▶ **What you have to do**
Every line that contains "relative" must be located and copied from the data.
++++ Records supplied
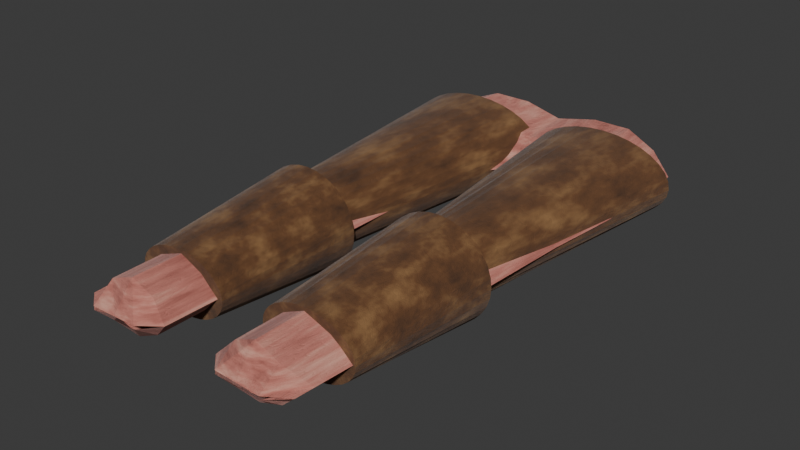 # Source: leggings.blend  (saved by Blender 5.2.45; exported with 4.5.12 LTS)
import bpy
from mathutils import Matrix  # noqa: F401  (used for matrix-valued properties, if any)

bpy.ops.wm.read_factory_settings(use_empty=True)
scene = bpy.context.scene
scene.name = 'Scene'

# ---- images (referenced by path relative to the original .blend; pixels are not part of the script)
import os
ASSET_DIR = os.environ.get("B2B_ASSET_DIR", "")  # directory of the original .blend (textures are referenced by path, not embedded)
HERE = os.path.dirname(os.path.abspath(__file__))  # packed textures are extracted next to this script under _unpacked/

def load_image(name, relpath, width, height, colorspace="sRGB"):
    """Load a texture the original file referenced (path relative to the .blend, or extracted next to this script)."""
    p = next((c for c in (os.path.join(HERE, relpath), os.path.join(ASSET_DIR, relpath)) if relpath and os.path.exists(c)), "")
    if p:
        img = bpy.data.images.load(p, check_existing=True)
        img.name = name
    else:  # same state as the original file: an image datablock whose file is absent (Cycles renders it pink)
        img = bpy.data.images.new(name, width, height)
        img.source = "FILE"
        img.filepath = "//" + (relpath or name)
    img.colorspace_settings.name = colorspace
    return img
img_surface_leather_png = load_image('surface_leather.png', 'surface_leather.png', 1024, 1024, 'Non-Color')

# ---- materials (node trees are filled in below, after node groups)
mat_leggingssurface = bpy.data.materials.new('LeggingsSurface')
mat_darkbrownleatherpadding = bpy.data.materials.new('DarkBrownLeatherPadding')

# ---- node groups
ng_finishedleatherprocedural = bpy.data.node_groups.new('FinishedLeatherProcedural', 'ShaderNodeTree')
_s = ng_finishedleatherprocedural.interface.new_socket(name='Shader', in_out='OUTPUT', socket_type='NodeSocketShader')
_N = ng_finishedleatherprocedural.nodes; _L = ng_finishedleatherprocedural.links
n0 = _N.new('ShaderNodeTexCoord'); n0.name = 'Texture Coordinate'; n0.location = (-850, 0)
n1 = _N.new('ShaderNodeTexNoise'); n1.name = 'Noise Texture'; n1.location = (-650, 180)
n1.label = 'Natural hide mottling'
n1.width = 160
n1.inputs[2].default_value = 4.5
n1.inputs[3].default_value = 3.0
n1.inputs[4].default_value = 0.65
n2 = _N.new('ShaderNodeValToRGB'); n2.name = 'Color Ramp'; n2.location = (-390, 200)
while len(n2.color_ramp.elements) > 1: n2.color_ramp.elements.remove(n2.color_ramp.elements[-1])
n2.color_ramp.elements[0].position = 0.2; n2.color_ramp.elements[0].color = (0.35, 0.075, 0.06, 1.0)
_e = n2.color_ramp.elements.new(0.5); _e.color = (0.78, 0.27, 0.23, 1.0)
_e = n2.color_ramp.elements.new(0.8); _e.color = (1.0, 0.52, 0.45, 1.0)
n3 = _N.new('ShaderNodeBsdfPrincipled'); n3.name = 'Principled BSDF'; n3.location = (140, 100)
n3.inputs[10].default_value = 0.005
n4 = _N.new('ShaderNodeTexNoise'); n4.name = 'Noise Texture.001'; n4.location = (-380, -200)
n4.label = 'Coarse weathered leather grain'
n4.width = 160
n4.inputs[2].default_value = 55.0
n4.inputs[3].default_value = 4.0
n4.inputs[4].default_value = 0.8
n5 = _N.new('ShaderNodeBump'); n5.name = 'Bump'; n5.location = (-80, -110)
n5.inputs[0].default_value = 0.5
n5.inputs[1].default_value = 0.008
n6 = _N.new('NodeGroupOutput'); n6.name = 'Group Output'; n6.location = (430, 100)
n7 = _N.new('ShaderNodeTexVoronoi'); n7.name = 'Voronoi Texture'; n7.location = (-650, -470)
n7.label = 'Dry leather creases'
n7.width = 160
n7.feature = 'DISTANCE_TO_EDGE'
n7.inputs[2].default_value = 20.0
n8 = _N.new('ShaderNodeMapRange'); n8.name = 'Map Range'; n8.location = (-400, -470)
n8.label = 'Shallow worn creases'
n8.inputs[2].default_value = 0.055
n8.inputs[3].default_value = 0.15
n8.inputs[4].default_value = 0.65
n9 = _N.new('ShaderNodeMixRGB'); n9.name = 'Mix (Legacy)'; n9.location = (-170, -250)
n9.label = 'Weathered grain and creases'
n9.inputs[0].default_value = 0.3
n10 = _N.new('ShaderNodeMapRange'); n10.name = 'Map Range.001'; n10.location = (-120, -500)
n10.label = 'Uneven matte finish'
n10.inputs[3].default_value = 0.78
_L.new(n0.outputs[0], n1.inputs[0])
_L.new(n1.outputs[0], n2.inputs[0])
_L.new(n2.outputs[0], n3.inputs[0])
_L.new(n0.outputs[0], n4.inputs[0])
_L.new(n5.outputs[0], n3.inputs[5])
_L.new(n3.outputs[0], n6.inputs[0])
_L.new(n0.outputs[0], n7.inputs[0])
_L.new(n7.outputs[0], n8.inputs[0])
_L.new(n4.outputs[0], n9.inputs[1])
_L.new(n8.outputs[0], n9.inputs[2])
_L.new(n9.outputs[0], n5.inputs[3])
_L.new(n4.outputs[0], n10.inputs[0])
_L.new(n10.outputs[0], n3.inputs[2])
n6.is_active_output = True
ng_furprocedural = bpy.data.node_groups.new('FurProcedural', 'ShaderNodeTree')
_s = ng_furprocedural.interface.new_socket(name='Shader', in_out='OUTPUT', socket_type='NodeSocketShader')
_N = ng_furprocedural.nodes; _L = ng_furprocedural.links
n0 = _N.new('ShaderNodeTexCoord'); n0.name = 'Texture Coordinate'; n0.location = (-850, 0)
n1 = _N.new('ShaderNodeTexNoise'); n1.name = 'Noise Texture'; n1.location = (-650, 180)
n1.label = 'Natural hide mottling'
n1.width = 160
n1.inputs[2].default_value = 4.5
n1.inputs[3].default_value = 3.0
n1.inputs[4].default_value = 0.65
n2 = _N.new('ShaderNodeValToRGB'); n2.name = 'Color Ramp'; n2.location = (-390, 200)
while len(n2.color_ramp.elements) > 1: n2.color_ramp.elements.remove(n2.color_ramp.elements[-1])
n2.color_ramp.elements[0].position = 0.2; n2.color_ramp.elements[0].color = (0.045, 0.018, 0.006, 1.0)
_e = n2.color_ramp.elements.new(0.5); _e.color = (0.19, 0.085, 0.025, 1.0)
_e = n2.color_ramp.elements.new(0.8); _e.color = (0.52, 0.32, 0.12, 1.0)
n3 = _N.new('ShaderNodeBsdfPrincipled'); n3.name = 'Principled BSDF'; n3.location = (140, 100)
n3.inputs[2].default_value = 1.0
n3.inputs[10].default_value = 0.005
n3.inputs[24].default_value = 0.35
n4 = _N.new('ShaderNodeTexNoise'); n4.name = 'Noise Texture.001'; n4.location = (-380, -200)
n4.label = 'Fine directional fur strands'
n4.width = 160
n4.inputs[2].default_value = 7.0
n5 = _N.new('ShaderNodeVectorMath'); n5.name = 'Vector Math'; n5.location = (-650, -180)
n5.operation = 'MULTIPLY'
n5.inputs[1].default_value = (65.0, 3.0, 3.0)
n6 = _N.new('ShaderNodeBump'); n6.name = 'Bump'; n6.location = (-80, -110)
n6.inputs[0].default_value = 0.25
n6.inputs[1].default_value = 0.004
n7 = _N.new('NodeGroupOutput'); n7.name = 'Group Output'; n7.location = (430, 100)
_L.new(n0.outputs[0], n1.inputs[0])
_L.new(n1.outputs[0], n2.inputs[0])
_L.new(n2.outputs[0], n3.inputs[0])
_L.new(n0.outputs[0], n5.inputs[0])
_L.new(n5.outputs[0], n4.inputs[0])
_L.new(n4.outputs[0], n6.inputs[3])
_L.new(n6.outputs[0], n3.inputs[5])
_L.new(n3.outputs[0], n7.inputs[0])
n7.is_active_output = True
ng_darkbrownpaddingleather = bpy.data.node_groups.new('DarkBrownPaddingLeather', 'ShaderNodeTree')
_s = ng_darkbrownpaddingleather.interface.new_socket(name='Shader', in_out='OUTPUT', socket_type='NodeSocketShader')
_N = ng_darkbrownpaddingleather.nodes; _L = ng_darkbrownpaddingleather.links
n0 = _N.new('ShaderNodeTexCoord'); n0.name = 'Texture Coordinate'; n0.location = (-850, 0)
n1 = _N.new('ShaderNodeTexNoise'); n1.name = 'Noise Texture'; n1.location = (-650, 180)
n1.label = 'Natural hide mottling'
n1.width = 160
n1.inputs[2].default_value = 4.5
n1.inputs[3].default_value = 3.0
n1.inputs[4].default_value = 0.65
n2 = _N.new('ShaderNodeValToRGB'); n2.name = 'Color Ramp'; n2.location = (-390, 200)
while len(n2.color_ramp.elements) > 1: n2.color_ramp.elements.remove(n2.color_ramp.elements[-1])
n2.color_ramp.elements[0].position = 0.2; n2.color_ramp.elements[0].color = (0.04, 0.016, 0.007, 1.0)
_e = n2.color_ramp.elements.new(0.5); _e.color = (0.12, 0.045, 0.016, 1.0)
_e = n2.color_ramp.elements.new(0.8); _e.color = (0.26, 0.12, 0.045, 1.0)
n3 = _N.new('ShaderNodeBsdfPrincipled'); n3.name = 'Principled BSDF'; n3.location = (140, 100)
n3.inputs[10].default_value = 0.005
n4 = _N.new('ShaderNodeTexNoise'); n4.name = 'Noise Texture.001'; n4.location = (-380, -200)
n4.label = 'Coarse weathered leather grain'
n4.width = 160
n4.inputs[2].default_value = 55.0
n4.inputs[3].default_value = 4.0
n4.inputs[4].default_value = 0.8
n5 = _N.new('ShaderNodeBump'); n5.name = 'Bump'; n5.location = (-80, -110)
n5.inputs[0].default_value = 0.5
n5.inputs[1].default_value = 0.008
n6 = _N.new('NodeGroupOutput'); n6.name = 'Group Output'; n6.location = (430, 100)
n7 = _N.new('ShaderNodeTexVoronoi'); n7.name = 'Voronoi Texture'; n7.location = (-650, -470)
n7.label = 'Dry leather creases'
n7.width = 160
n7.feature = 'DISTANCE_TO_EDGE'
n7.inputs[2].default_value = 20.0
n8 = _N.new('ShaderNodeMapRange'); n8.name = 'Map Range'; n8.location = (-400, -470)
n8.label = 'Shallow worn creases'
n8.inputs[2].default_value = 0.055
n8.inputs[3].default_value = 0.15
n8.inputs[4].default_value = 0.65
n9 = _N.new('ShaderNodeMixRGB'); n9.name = 'Mix (Legacy)'; n9.location = (-170, -250)
n9.label = 'Weathered grain and creases'
n9.inputs[0].default_value = 0.3
n10 = _N.new('ShaderNodeMapRange'); n10.name = 'Map Range.001'; n10.location = (-120, -500)
n10.label = 'Uneven matte finish'
n10.inputs[3].default_value = 0.78
_L.new(n0.outputs[0], n1.inputs[0])
_L.new(n1.outputs[0], n2.inputs[0])
_L.new(n2.outputs[0], n3.inputs[0])
_L.new(n0.outputs[0], n4.inputs[0])
_L.new(n5.outputs[0], n3.inputs[5])
_L.new(n3.outputs[0], n6.inputs[0])
_L.new(n0.outputs[0], n7.inputs[0])
_L.new(n7.outputs[0], n8.inputs[0])
_L.new(n4.outputs[0], n9.inputs[1])
_L.new(n8.outputs[0], n9.inputs[2])
_L.new(n9.outputs[0], n5.inputs[3])
_L.new(n4.outputs[0], n10.inputs[0])
_L.new(n10.outputs[0], n3.inputs[2])
n6.is_active_output = True

# ---- material node trees
mat_leggingssurface.use_nodes = True; mat_leggingssurface.node_tree.nodes.clear()
_N = mat_leggingssurface.node_tree.nodes; _L = mat_leggingssurface.node_tree.links
n0 = _N.new('ShaderNodeOutputMaterial'); n0.name = 'Material Output'; n0.location = (650, 0)
n1 = _N.new('ShaderNodeMixShader'); n1.name = 'Mix Shader'; n1.location = (400, 0)
n2 = _N.new('ShaderNodeGroup'); n2.name = 'Group'; n2.location = (0, 0)
n2.node_tree = ng_finishedleatherprocedural
n3 = _N.new('ShaderNodeGroup'); n3.name = 'Group.001'; n3.location = (0, -200)
n3.node_tree = ng_furprocedural
n4 = _N.new('ShaderNodeTexImage'); n4.name = 'Surface'; n4.location = (0, 200)
n4.label = 'Black: leather; white: fur'
n4.image = img_surface_leather_png
_L.new(n1.outputs[0], n0.inputs[0])
_L.new(n2.outputs[0], n1.inputs[1])
_L.new(n3.outputs[0], n1.inputs[2])
_L.new(n4.outputs[0], n1.inputs[0])
n0.is_active_output = True
mat_darkbrownleatherpadding.use_nodes = True; mat_darkbrownleatherpadding.node_tree.nodes.clear()
_N = mat_darkbrownleatherpadding.node_tree.nodes; _L = mat_darkbrownleatherpadding.node_tree.links
n0 = _N.new('ShaderNodeOutputMaterial'); n0.name = 'Material Output'; n0.location = (402, 14)
n1 = _N.new('ShaderNodeMixShader'); n1.name = 'Mix Shader'; n1.location = (152, 14)
n2 = _N.new('ShaderNodeGroup'); n2.name = 'Group'; n2.location = (-248, 14)
n2.node_tree = ng_darkbrownpaddingleather
n3 = _N.new('ShaderNodeGroup'); n3.name = 'Group.001'; n3.location = (-407, -161)
n3.node_tree = ng_furprocedural
n4 = _N.new('ShaderNodeTexImage'); n4.name = 'Surface'; n4.location = (-192, 216)
n4.label = 'Black: leather; white: fur'
n4.image = img_surface_leather_png
_L.new(n1.outputs[0], n0.inputs[0])
_L.new(n2.outputs[0], n1.inputs[1])
_L.new(n3.outputs[0], n1.inputs[2])
_L.new(n4.outputs[0], n1.inputs[0])
n0.is_active_output = True

# ---- world
world_world = bpy.data.worlds.new('World'); scene.world = world_world
world_world.use_nodes = True; world_world.node_tree.nodes.clear()
_N = world_world.node_tree.nodes; _L = world_world.node_tree.links
n0 = _N.new('ShaderNodeOutputWorld'); n0.name = 'World Output'; n0.location = (200, 100)
n1 = _N.new('ShaderNodeBackground'); n1.name = 'Background'; n1.location = (-200, 100)
n1.inputs[0].default_value = (0.05088, 0.05088, 0.05088, 1.0)
_L.new(n1.outputs[0], n0.inputs[0])
n0.is_active_output = True
world_world.color = (0.05088, 0.05088, 0.05088)
world_world.sun_shadow_jitter_overblur = 0.0

# ---- meshes
me_plane = bpy.data.meshes.new('Plane')
me_plane.from_pydata([(-1.0, -1.0, 0.0), (1.0, -1.0, 0.0), (-1.0, 1.0, 0.0), (1.0, 1.0, 0.0)], [], [(0, 1, 3, 2)])
_uv = me_plane.uv_layers.new(name='UVMap')
_uv.uv.foreach_set('vector', [0.0, 0.0, 1.0, 0.0, 1.0, 1.0, 0.0, 1.0])
me_plane.update()
me_plane_001 = bpy.data.meshes.new('Plane.001')
me_plane_001.from_pydata([(0.1673, -0.6082, 0.0), (0.6479, -0.6166, 0.0), (0.0, 0.8479, 0.06746), (0.7836, 0.8146, 0.0), (0.1469, 0.266, 0.0), (0.7553, 0.2537, 0.0), (0.3958, -0.6568, 0.004999), (0.4645, 0.8569, 0.09049), (0.4067, 0.2775, 0.0814), (0.4915, 0.6376, 0.08961), (0.0, 0.5587, 0.0), (0.8136, 0.6147, 0.0), (0.1564, -0.2065, 0.0), (0.5357, -0.6592, 0.004999), (0.8077, 0.7305, 0.0), (0.2371, 0.8581, 0.09031), (0.1104, 0.4876, 0.0), (0.7015, -0.2161, 0.0), (0.2626, 0.2799, 0.04932), (0.2649, -0.6545, 0.004999), (0.6506, 0.8396, 0.05458), (0.5937, 0.2735, 0.05106), (0.3967, -0.2107, 0.08082), (0.4827, 0.7603, 0.09197), (0.2556, 0.6369, 0.06216), (0.6729, 0.6269, 0.05434), (0.7999, 0.4663, 0.0), (3.725e-09, 0.7574, 0.06316), (0.4603, 0.4831, 0.08549), (0.2698, 0.486, 0.05029), (0.2459, 0.7599, 0.07961), (0.2633, -0.2084, 0.04922), (0.6459, 0.4744, 0.0527), (0.5606, -0.2136, 0.05089), (0.6642, 0.7452, 0.05458), (1.863e-09, 0.6934, 0.05765), (0.8107, 0.6726, 0.0), (0.4871, 0.6989, 0.09079), (0.2508, 0.6984, 0.07392), (0.6685, 0.686, 0.05446), (0.1658, -0.5534, 0.0), (0.6552, -0.5619, 0.0), (0.396, -0.5959, 0.07799), (0.2647, -0.5936, 0.04926), (0.5391, -0.5984, 0.05095)], [], [(34, 14, 3, 20), (33, 17, 5, 21), (32, 26, 11, 25), (31, 22, 8, 18), (30, 23, 7, 15), (29, 28, 9, 24), (16, 29, 24, 10), (4, 18, 29, 16), (18, 8, 28, 29), (27, 30, 15, 2), (35, 38, 30, 27), (38, 37, 23, 30), (12, 31, 18, 4), (40, 43, 31, 12), (43, 42, 22, 31), (28, 32, 25, 9), (8, 21, 32, 28), (21, 5, 26, 32), (22, 33, 21, 8), (42, 44, 33, 22), (44, 41, 17, 33), (23, 34, 20, 7), (37, 39, 34, 23), (39, 36, 14, 34), (25, 11, 36, 39), (9, 25, 39, 37), (24, 9, 37, 38), (10, 24, 38, 35), (13, 1, 41, 44), (6, 13, 44, 42), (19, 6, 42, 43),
++++++++
▶ **Expected answer**
# ---- images (referenced by path relative to the original .blend; pixels are not part of the script)
    """Load a texture the original file referenced (path relative to the .blend, or extracted next to this script)."""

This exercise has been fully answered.